(Source data)

···

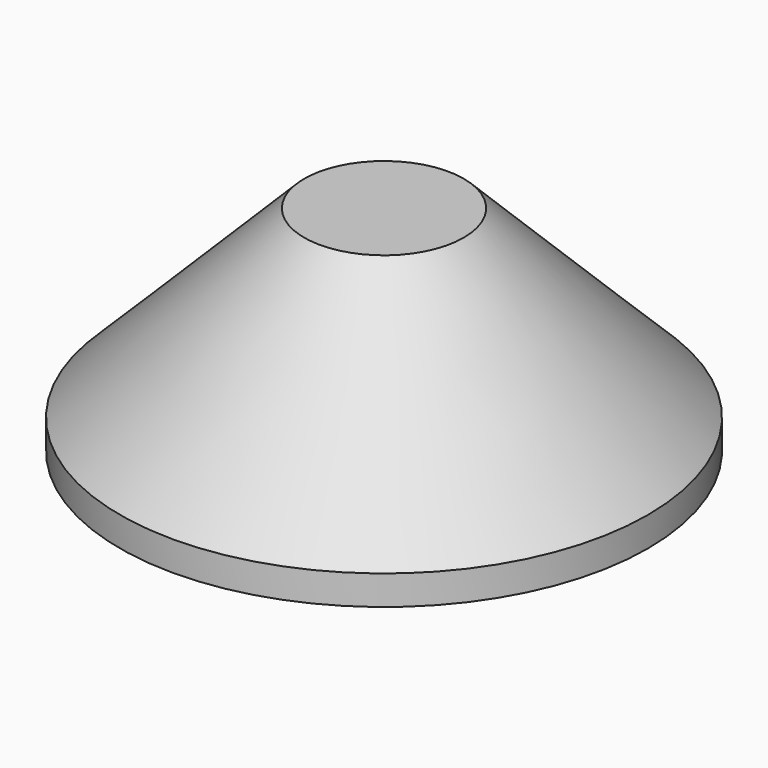
from build123d import *

# Parameters (mm, degrees)
F0_R     = 32.7640800534
F1_DEPTH = 38.1
F2_SIZE  = 22.86
F3_SIZE  = 5.08


# Not quite as in the source:
# - a fillet or chamfer that OpenCascade refuses, or shapes differently, is made with other operations: its cross-section is extruded or revolved along the edge and cut away or added


with BuildPart() as f1:
    # F0 (on Top) → F1 (new body)
    with BuildSketch(Plane.XY):
        Circle(F0_R)
    extrude(amount=F1_DEPTH)

    # F2
    f2_edges = [f1.edges().sort_by_distance(p)[0] for p in [
        (-32.76408, 0, 38.1),
    ]]
    chamfer(f2_edges, length=F2_SIZE)

    # F3
    f3_edges = [f1.edges().sort_by_distance(p)[0] for p in [
        (-32.76408, 0, 0),
    ]]
    chamfer(f3_edges, length=F3_SIZE)

    # F4: chamfer of 22.86 on 1 edges, made by hand

    # F4_s1 → F4_t2 (revolve, cut)
    with BuildSketch(Plane.XZ):
        Polygon((43.8485410713, 16.1644610179), (4.8240800534, 0), (27.6840800534, 0), align=None)
    revolve(axis=Axis((0, 0, 0), (0, 0, 1)), mode=Mode.SUBTRACT)


solid = f1.part
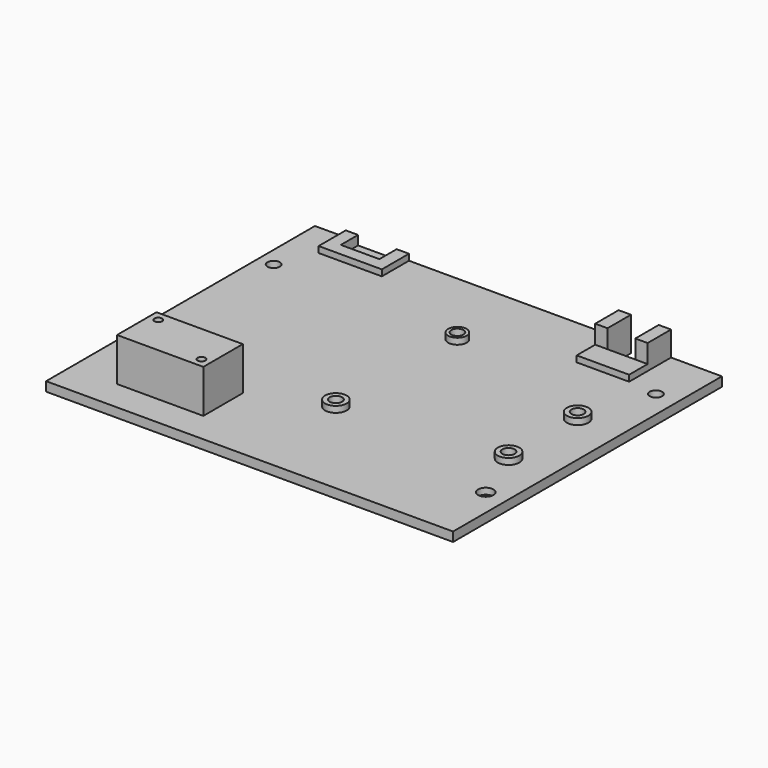
from build123d import *

# Parameters (mm, degrees)
F0_W      = 132
F0_H      = 109
F0_R      = 3.5
F0_R_2    = 2
F1_DEPTH  = 1
F2_W      = 132
F2_H      = 109
F2_R      = 3.5
F2_R_2    = 2
F2_R_3    = 2.5
F3_DEPTH  = 1
F4_R      = 2.5
F4_R_2    = 2
F5_DEPTH  = 1
F6_W      = 9
F6_H      = 9.5
F7_DEPTH  = 3
F8_R      = 3
F8_R_2    = 2
F8_R_3    = 3.5
F8_W      = 28
F8_H      = 16
F8_R_4    = 1.25
F9_DEPTH  = 2
F10_W     = 4
F10_H     = 9.5
F9_FACE_W = 28
F9_FACE_H = 16
F9_FACE_R = 1.25
F11_DEPTH = 6
F12_R     = 0.75
F13_DEPTH = 7
F14_W     = 28
F14_H     = 16
F14_R     = 1.25
F15_DEPTH = 6


# Not quite as in the source:
# - a feature names something its author has since deleted; it is built from what else it names


with BuildPart() as f1:
    # F0 (on Top) → F1 (new body)
    with BuildSketch(Plane.XY):
        with Locations((66, 54.5)):
            Rectangle(F0_W, F0_H)
        with Locations((5, 38)):
            Circle(F0_R, mode=Mode.SUBTRACT)
        with Locations((125, 22)):
            Circle(F0_R, mode=Mode.SUBTRACT)
        with Locations((66, 35)):
            Circle(F0_R_2, mode=Mode.SUBTRACT)
        with Locations((118, 40)):
            Circle(F0_R_2, mode=Mode.SUBTRACT)
        with Locations((5, 86)):
            Circle(F0_R_2, mode=Mode.SUBTRACT)
        with Locations((118, 68)):
            Circle(F0_R_2, mode=Mode.SUBTRACT)
        with Locations((67, 83)):
            Circle(F0_R_2, mode=Mode.SUBTRACT)
        with Locations((125, 91)):
            Circle(F0_R_2, mode=Mode.SUBTRACT)
    extrude(amount=F1_DEPTH)

    # F2 (on face) → F3 (join)
    with BuildSketch(Plane.XY.offset(1)):
        with Locations((66, 54.5)):
            Rectangle(F2_W, F2_H)
        with Locations((5, 38)):
            Circle(F2_R, mode=Mode.SUBTRACT)
        with Locations((125, 22)):
            Circle(F2_R, mode=Mode.SUBTRACT)
        with Locations((66, 35)):
            Circle(F2_R_2, mode=Mode.SUBTRACT)
        with Locations((118, 40)):
            Circle(F2_R_2, mode=Mode.SUBTRACT)
        with Locations((5, 86)):
            Circle(F2_R_2, mode=Mode.SUBTRACT)
        with Locations((118, 68)):
            Circle(F2_R_2, mode=Mode.SUBTRACT)
        with Locations((67, 83)):
            Circle(F2_R_2, mode=Mode.SUBTRACT)
        with Locations((125, 91)):
            Circle(F2_R_2, mode=Mode.SUBTRACT)
        with Locations((125, 22)):
            Circle(F2_R)
        with Locations((125, 22)):
            Circle(F2_R_3, mode=Mode.SUBTRACT)
        with Locations((5, 38)):
            Circle(F2_R)
        with Locations((5, 38)):
            Circle(F2_R_3, mode=Mode.SUBTRACT)
    extrude(amount=F3_DEPTH)

    # F4 (on face) → F5 (join)
    with BuildSketch(Plane.XY.offset(2)):
        Polygon((14, 102), (14, 109), (0, 109), (0, 0), (132, 0), (132, 109), (26.5, 109), (26.5, 102), align=None)
        with Locations((5, 38)):
            Circle(F4_R, mode=Mode.SUBTRACT)
        with Locations((125, 22)):
            Circle(F4_R, mode=Mode.SUBTRACT)
        with Locations((66, 35)):
            Circle(F4_R_2, mode=Mode.SUBTRACT)
        with Locations((118, 40)):
            Circle(F4_R_2, mode=Mode.SUBTRACT)
        with Locations((5, 86)):
            Circle(F4_R_2, mode=Mode.SUBTRACT)
        with Locations((118, 68)):
            Circle(F4_R_2, mode=Mode.SUBTRACT)
        with Locations((67, 83)):
            Circle(F4_R_2, mode=Mode.SUBTRACT)
        with Locations((125, 91)):
            Circle(F4_R_2, mode=Mode.SUBTRACT)
    extrude(amount=F5_DEPTH)

    # F6 (on face) → F7 (cut)
    with BuildSketch(Plane.XY.offset(3)):
        with Locations((107, 104.25)):
            Rectangle(F6_W, F6_H)
    extrude(amount=-F7_DEPTH, mode=Mode.SUBTRACT)

    # F8 (on face) → F9 (join)
    with BuildSketch(Plane.XY.offset(3)):
        Polygon((14, 102), (14, 109), (10, 109), (10, 98), (30.5, 98), (30.5, 109), (26.5, 109), (26.5, 102), align=None)
        Polygon((102.5, 109), (98.5, 109), (98.5, 92), (115.5, 92), (115.5, 109), (111.5, 109), (111.5, 99.5), (102.5, 99.5), align=None)
        with Locations((67, 83)):
            Circle(F8_R)
        with Locations((67, 83)):
            Circle(F8_R_2, mode=Mode.SUBTRACT)
        with Locations((66, 35)):
            Circle(F8_R_3)
        with Locations((66, 35)):
            Circle(F8_R_2, mode=Mode.SUBTRACT)
        with Locations((118, 68)):
            Circle(F8_R_3)
        with Locations((118, 68)):
            Circle(F8_R_2, mode=Mode.SUBTRACT)
        with Locations((118, 40)):
            Circle(F8_R_3)
        with Locations((118, 40)):
            Circle(F8_R_2, mode=Mode.SUBTRACT)
        with Locations((29, 18)):
            Rectangle(F8_W, F8_H)
        with Locations((18, 23)):
            Circle(F8_R_4, mode=Mode.SUBTRACT)
        with Locations((40, 13)):
            Circle(F8_R_4, mode=Mode.SUBTRACT)
    extrude(amount=F9_DEPTH)

    # F10 (on face) + F9_face (on face) → F11 (join)
    with BuildSketch(Plane.XY.offset(5)):
        with Locations((100.5, 104.25)):
            Rectangle(F10_W, F10_H)
        with Locations((113.5, 104.25)):
            Rectangle(F10_W, F10_H)
    with BuildSketch(Plane(origin=(67, 83, 5), x_dir=(1, 0, 0), z_dir=(0, 0, 1))):
        with Locations((-38, -65)):
            Rectangle(F9_FACE_W, F9_FACE_H)
        with Locations((-49, -60)):
            Circle(F9_FACE_R, mode=Mode.SUBTRACT)
        with Locations((-27, -70)):
            Circle(F9_FACE_R, mode=Mode.SUBTRACT)
    extrude(amount=F11_DEPTH)

    # F12 (on face) → F13 (cut)
    with BuildSketch(Plane(origin=(0, 99.5, 0), x_dir=(-1, 0, 0), z_dir=(0, 1, 0))):
        with Locations((-107, 3)):
            Circle(F12_R)
    extrude(amount=-F13_DEPTH, mode=Mode.SUBTRACT)

    # F14 (on face) → F15 (join)
    with BuildSketch(Plane.XY.offset(11)):
        with Locations((29, 18)):
            Rectangle(F14_W, F14_H)
        with Locations((40, 13)):
            Circle(F14_R, mode=Mode.SUBTRACT)
        with Locations((18, 23)):
            Circle(F14_R, mode=Mode.SUBTRACT)
    extrude(amount=F15_DEPTH)


solid = f1.part

···

Work to be completed — Wherever the word "length" appears in the entries above, copy that whole line.

Response —
    chamfer(f2_edges, length=F2_SIZE)
    chamfer(f3_edges, length=F3_SIZE)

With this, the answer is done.